デザイア2−2−1(ハッキング編)
ライズは、デザイアの情報バンクへのハッキングを試みていた。
それは、いかなライズといえども、困難を極める作業だった。デザイアのプロテクトは、彼女が今まで相手にしたどの機関のものよりも、遥かに強固なものだったのだ。
「どうやら、LV.3のアクセスで我慢するしかなさそうね……」
ひとりごちると、ライズは検索を開始する。
対象は、マルチナ総司令、ゲーツ副司令、そして「みずか」だった。
●マルチナ・T・ステラドヴィッチ
ロシア科学技術アカデミー会員。物理学、生物学の博士号をもつ。グランチェスタ財団の客員教授として従事、現在「デザイア」総司令として勤務。夫は故グスタフ・G・ステラドヴィッチ
「パーソナルデータはほとんど不明か……。LV.3ならこんなものね」
●ドクター・ゲーツ
コロニー「シーズウェア」出身の医学博士。生物学などの博士号も合わせ持つ。その才覚をマルチナ総司令に見込まれ、デザイアの副司令に就任する。
「マルチナ総司令に……?。このデータでは、あの二人の関係まではわからないわね」
●みずか
該当データなし
「やはり……あるわけないわね」
これは、予想されたことだった。まさか、「みずか」という名前だけでなんとかなるとは、ライズも思っていなかった。
だが、長森瑞佳で検索するなら、どうだろう。
LEAFによって壊滅させられた「ONE」の長森瑞佳。彼女の行方は、澪も気にしていた。
「……私も、ずいぶんとお人好しになったものだわ……」
冷笑すると、ライズはコンソールを叩いた。
●長森瑞佳
該当データなし
「!?」
該当なし、とはどういうことだろう。
「抹消されているということ?誰が?なんのために?」
瑞佳のパーソナルデータを残しておくと、何か不利益があるのだろうか。
「そういえば……澪も、瑞佳のデータが消えていたようなことを言っていたわね」
何か、裏がありそうだった。引き続き、注意しておく必要があるだろう。
とりあえず、ライズの「任務」としての検索は、これで終わりだった。
だが、彼女にはもうひとり、調べておくべき人間がいる。
それは、任務ではない。
●リョウ・ミヅキ
東洋出身の傭兵。ドルファンにて多大なる戦功を挙げ、デュラン国王より外国人では初となる「聖騎士」の称号を受けABビルバインを授与されるも、同国にて試行された外国人排斥法により国外退去。その後行方をくらます。
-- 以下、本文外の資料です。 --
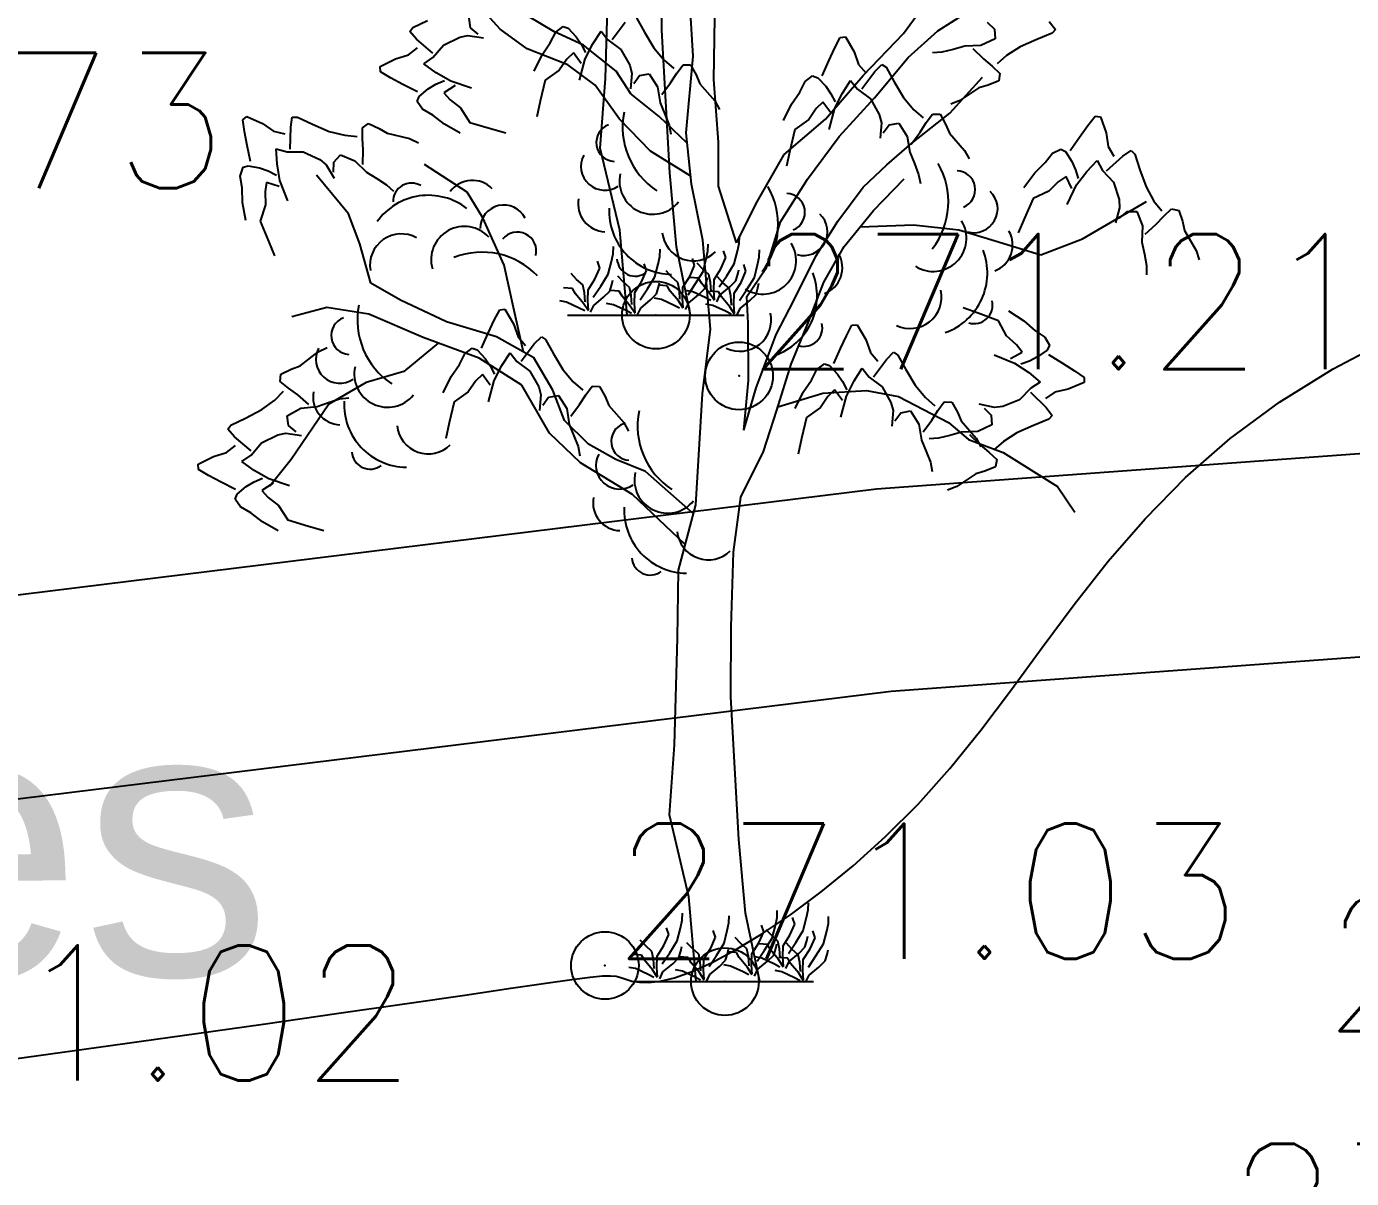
# Model space of a CAD drawing. Header units: millimetres. Extents: x 524954 to 526204, y 9523489 to 9524010.
# Drawn here: x 525701.66 to 525711.46, y 9523610.25 to 9523618.77 of the extents above; entities that cross this region are included whole.
import ezdxf
from ezdxf.enums import TextEntityAlignment as Align

# ---------------------------------------------------------------- set-up
doc = ezdxf.new("R2010")
doc.units = ezdxf.units.MM
doc.header["$PDMODE"] = 32
doc.header["$PDSIZE"] = 0.5
doc.linetypes.add('ACAD_ISO12W100', pattern=[21, 12, -3, 0, -3, 0, -3])
doc.linetypes.add('CACHE2', pattern=[4.7625, 3.175, -1.5875])
for name, color, linetype in [('Arbre', 34, 'ACAD_ISO12W100'), ('CN_01_00', 3, 'Continuous'), ('Murs', 1, 'Continuous'), ('PLUME_5', 6, 'Continuous'), ('PLUME_6', 2, 'Continuous'), ('TopoAlt', 3, 'Continuous'), ('TOPOJIS', 7, 'Continuous'), ('Toponomie', 7, 'CACHE2')]:
    doc.layers.add(name, color=color, linetype=linetype)
doc.styles.add('Simplex 1.0', font='Simplex.shx', dxfattribs={"width": 0.99, "height": 1})
doc.styles.get("Standard").update_dxf_attribs({"font": 'arial.ttf'})
pattern_1 = [(45, (0, 0), (-0.1767766952966, 0.1767766952966), [])]

# ---------------------------------------------------------------- blocks, each defined once
blk = doc.blocks.new('TCPOINT M')
at = {"color": 0}
blk.add_point((0, 0), dxfattribs=at)
at = {"layer": 'TopoAlt', "style": 'Simplex 1.0', "width": 0.99}
blk.add_attdef('ALT', (0.15, 0.15), '', height=1, dxfattribs=at)
blk = doc.blocks.new('v088')
at = {"linetype": 'Continuous'}
for p, q in [((-0.2365, 6.8477), (-0.2742, 7.4626)), ((-1.6648, 7.048), (-1.9323, 7.3471)), ((1.3209, 7.0171), (1.4418, 7.1813)), ((1.5755, 7.0348), (1.778, 7.1634)), ((-1.2665, 7.0314), (-1.4491, 7.1395)), ((-0.0837, 6.6768), (-0.0745, 7.1309)), ((-1.4628, 6.9029), (-1.6648, 7.048)), ((-1.0467, 6.9303), (-1.2665, 7.0314)), ((1.0227, 6.7061), (1.3209, 7.0171)), ((1.3557, 6.8374), (1.5755, 7.0348)), ((-1.1618, 6.7848), (-1.4628, 6.9029)), ((-0.8063, 6.7363), (-1.0467, 6.9303)), ((-0.9597, 6.6336), (-1.1618, 6.7848)), ((-0.2869, 6.2807), (-0.2365, 6.8477)), ((1.107, 6.54), (1.3557, 6.8374)), ((-0.6972, 6.5707), (-0.8063, 6.7363)), ((-0.0491, 6.2111), (-0.0837, 6.6768)), ((0.7433, 6.3831), (1.0227, 6.7061)), ((1.6628, 6.4272), (1.906, 6.6935)), ((-0.7803, 6.3824), (-0.9597, 6.6336)), ((-0.4884, 6.4009), (-0.6972, 6.5707)), ((0.8455, 6.2546), (1.107, 6.54)), ((-0.5514, 6.1446), (-0.7803, 6.3824)), ((-0.2789, 6.2036), (-0.4884, 6.4009)), ((0.4379, 6.1217), (0.7433, 6.3831)), ((1.3814, 6.2037), (1.6628, 6.4272)), ((-0.2479, 5.9022), (-0.2869, 6.2807)), ((-0.0486, 5.8877), (-0.0491, 6.2111)), ((0.6096, 5.9388), (0.8455, 6.2546)), ((1.1982, 6.0444), (1.3814, 6.2037)), ((-0.2539, 5.9607), (-0.5514, 6.1446)), ((0.2399, 5.7756), (0.4379, 6.1217)), ((-1.9071, 5.8427), (-2.2223, 6.0475)), ((1.0213, 5.879), (1.1982, 6.0444)), ((-2.7868, 5.6812), (-3.0229, 5.9686)), ((-0.1646, 5.4873), (-0.2479, 5.9022)), ((0.0846, 5.4676), (-0.0486, 5.8877)), ((0.4109, 5.6237), (0.6096, 5.9388)), ((1.0995, 5.7065), (1.3247, 5.9413)), ((-1.7911, 5.6523), (-1.9071, 5.8427)), ((0.8338, 5.6263), (1.0213, 5.879)), ((0.0846, 5.4676), (0.2399, 5.7756)), ((0.8812, 5.4407), (1.0995, 5.7065)), ((2.6462, 5.4963), (3.1193, 5.7735)), ((-2.7013, 5.4591), (-2.7868, 5.6812)), ((-1.6346, 5.3011), (-1.7911, 5.6523)), ((0.3061, 5.2857), (0.4109, 5.6237)), ((0.6713, 5.3679), (0.8338, 5.6263)), ((1.0006, 5.5861), (1.394, 5.6007)), ((1.394, 5.6007), (1.7306, 5.5642)), ((1.7306, 5.5642), (1.9997, 5.4827)), ((2.3377, 5.3779), (2.6462, 5.4963)), ((-2.6206, 5.1685), (-2.7013, 5.4591)), ((-0.1073, 4.8293), (-0.1646, 5.4873)), ((0.7312, 5.1764), (0.8812, 5.4407)), ((1.9997, 5.4827), (2.3377, 5.3779)), ((-1.5592, 4.9668), (-1.6346, 5.3011)), ((0.5102, 5.0412), (0.6713, 5.3679)), ((0.1613, 5.0712), (0.3061, 5.2857)), ((-2.4003, 5.0425), (-2.6206, 5.1685)), ((0.6191, 4.888), (0.7312, 5.1764)), ((-2.0611, 4.8817), (-2.4003, 5.0425)), ((0.1717, 4.8724), (0.1613, 5.0712)), ((0.3786, 4.7897), (0.5102, 5.0412)), ((-2.9464, 4.9876), (-3.2062, 4.92)), ((-2.6344, 4.9381), (-2.9464, 4.9876)), ((-2.2328, 4.7662), (-2.6344, 4.9381)), ((-1.4917, 4.6586), (-1.5592, 4.9668)), ((-1.6919, 4.7713), (-2.0611, 4.8817)), ((-0.1657, 4.3492), (-0.1073, 4.8293)), ((0.1743, 4.4496), (0.1717, 4.8724)), ((0.489, 4.5681), (0.6191, 4.888)), ((-2.1227, 4.7254), (-2.3768, 4.5144)), ((-1.8192, 4.6131), (-2.2328, 4.7662)), ((-1.415, 4.6154), (-1.6919, 4.7713)), ((0.2314, 4.3948), (0.3786, 4.7897)), ((-1.5041, 4.4145), (-1.8192, 4.6131)), ((-1.2732, 4.3758), (-1.415, 4.6154)), ((-2.3768, 4.5144), (-2.655, 4.434)), ((0.3841, 4.2301), (0.489, 4.5681)), ((-2.655, 4.434), (-2.9315, 4.2727)), ((-1.2976, 4.0581), (-1.5041, 4.4145)), ((0.1384, 4.0819), (0.1743, 4.4496)), ((-1.1877, 4.1537), (-1.2732, 4.3758)), ((-0.2169, 3.5272), (-0.1657, 4.3492)), ((0.1384, 4.0819), (0.2314, 4.3948)), ((0.3911, 4.2526), (0.7235, 4.3553)), ((0.7235, 4.3553), (1.0465, 4.3745)), ((1.0465, 4.3745), (1.2838, 4.3297)), ((1.2838, 4.3297), (1.6547, 4.1385)), ((-2.9315, 4.2727), (-3.209, 3.8627)), ((0.2848, 3.9233), (0.3841, 4.2301)), ((-1.0099, 3.9771), (-1.1877, 4.1537)), ((1.6547, 4.1385), (1.8004, 4.0109)), ((-1.0692, 3.839), (-1.2976, 4.0581)), ((-0.8085, 3.8631), (-1.0099, 3.9771)), ((0.1177, 3.584), (0.2848, 3.9233)), ((1.8004, 4.0109), (2.0573, 3.9168)), ((-3.209, 3.8627), (-3.3666, 3.6666)), ((-0.6849, 3.6045), (-1.0692, 3.839)), ((-0.589, 3.7744), (-0.8085, 3.8631)), ((2.0573, 3.9168), (2.4606, 3.664)), ((-0.2343, 3.4611), (-0.589, 3.7744)), ((2.4606, 3.664), (2.589, 3.4739)), ((-0.2941, 3.234), (-0.6849, 3.6045)), ((0.064, 3.1786), (0.1177, 3.584)), ((-0.3436, 3.0457), (-0.2169, 3.5272)), ((0.0445, 2.6247), (0.064, 3.1786)), ((-0.3518, 2.5418), (-0.3436, 3.0457)), ((0.0429, 2.1085), (0.0445, 2.6247)), ((-0.3726, 1.7516), (-0.3518, 2.5418)), ((0.1022, 1.0525), (0.0429, 2.1085)), ((-0.4115, 1.2346), (-0.3726, 1.7516)), ((-0.2683, 0.6281), (-0.4115, 1.2346)), ((0.151, 0.5063), (0.1022, 1.0525)), ((-0.2127, 0), (-0.2683, 0.6281)), ((0.2565, 0), (0.151, 0.5063)), ((-0.6539, 0), (0.6539, 0))]:
    blk.add_line(p, q, dxfattribs=at)
at = {"color": 3, "linetype": 'Continuous'}
for p, q in [((-2.333, 7.0298), (-2.3098, 7.06)), ((-2.3098, 7.06), (-2.2004, 7.1132)), ((-1.8828, 7.0578), (-1.8923, 7.1303)), ((-1.2526, 7.0255), (-1.1978, 7.0672)), ((-1.1978, 7.0672), (-1.1602, 7.0548)), ((-0.8351, 6.9716), (-0.7381, 7.0997)), ((-0.654, 7.1313), (-0.5947, 7.0251)), ((1.9408, 7.0996), (1.9941, 7.049)), ((2.3991, 7.1055), (2.4452, 7.0467)), ((-2.283, 6.9743), (-2.333, 7.0298)), ((-2.1607, 6.8701), (-2.283, 6.9743)), ((-2.0833, 6.9307), (-1.963, 6.9891)), ((-1.963, 6.9891), (-1.9025, 7.0009)), ((-1.9025, 7.0009), (-1.7879, 6.9849)), ((-1.8262, 7.0109), (-1.8828, 7.0578)), ((-1.2925, 6.9474), (-1.2526, 7.0255)), ((-1.1602, 7.0548), (-1.1012, 6.9916)), ((-1.1012, 6.9916), (-1.0633, 6.9361)), ((-0.978, 6.9406), (-0.9175, 7.0343)), ((-0.9175, 7.0343), (-0.8661, 6.9697)), ((-0.8661, 6.9697), (-0.7702, 6.8978)), ((-0.5947, 7.0251), (-0.5257, 6.909)), ((0.8128, 6.9092), (0.8527, 6.9872)), ((0.8527, 6.9872), (0.8913, 6.9906)), ((0.8913, 6.9906), (0.9551, 6.8814)), ((1.9988, 6.9761), (1.8939, 6.9271)), ((1.9941, 7.049), (1.9988, 6.9761)), ((2.3073, 6.9725), (2.1835, 6.9184)), ((2.4201, 7.0181), (2.3073, 6.9725)), ((2.4452, 7.0467), (2.4201, 7.0181)), ((-2.3415, 6.858), (-2.2745, 6.9095)), ((-2.1606, 6.8391), (-2.0833, 6.9307)), ((-1.3538, 6.8575), (-1.2925, 6.9474)), ((-1.122, 6.8741), (-1.1715, 6.8255)), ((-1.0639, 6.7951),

未確認ではあるが、最近リガ・ミリティアと接触したという情報がある。
「リガ・ミリティアか……」
最近、地球圏を騒がせているゲリラ組織の名だ。まだ地球で目立った活動はないが……だとすれば、リョウは宇宙にいるのだろうか?。
「七瀬留美にビルバインを託したあと……あなたは、どこにいったの?」
ライズは、昨日の自分の行動を思い出していた。SS軍のセンチ=ベルのメンバーに、リョウのことを聞いてまわったのだ。結局、さしたる情報は得られなかったが……。
「無様だわ」
吐き捨てるように呟くライズ。
以前の自分からは、考えられない行動だった。
そんな自分が、いったいどこに行くのか。そして、何を得るのか。何を失うのか。
今のライズには、わからなかった。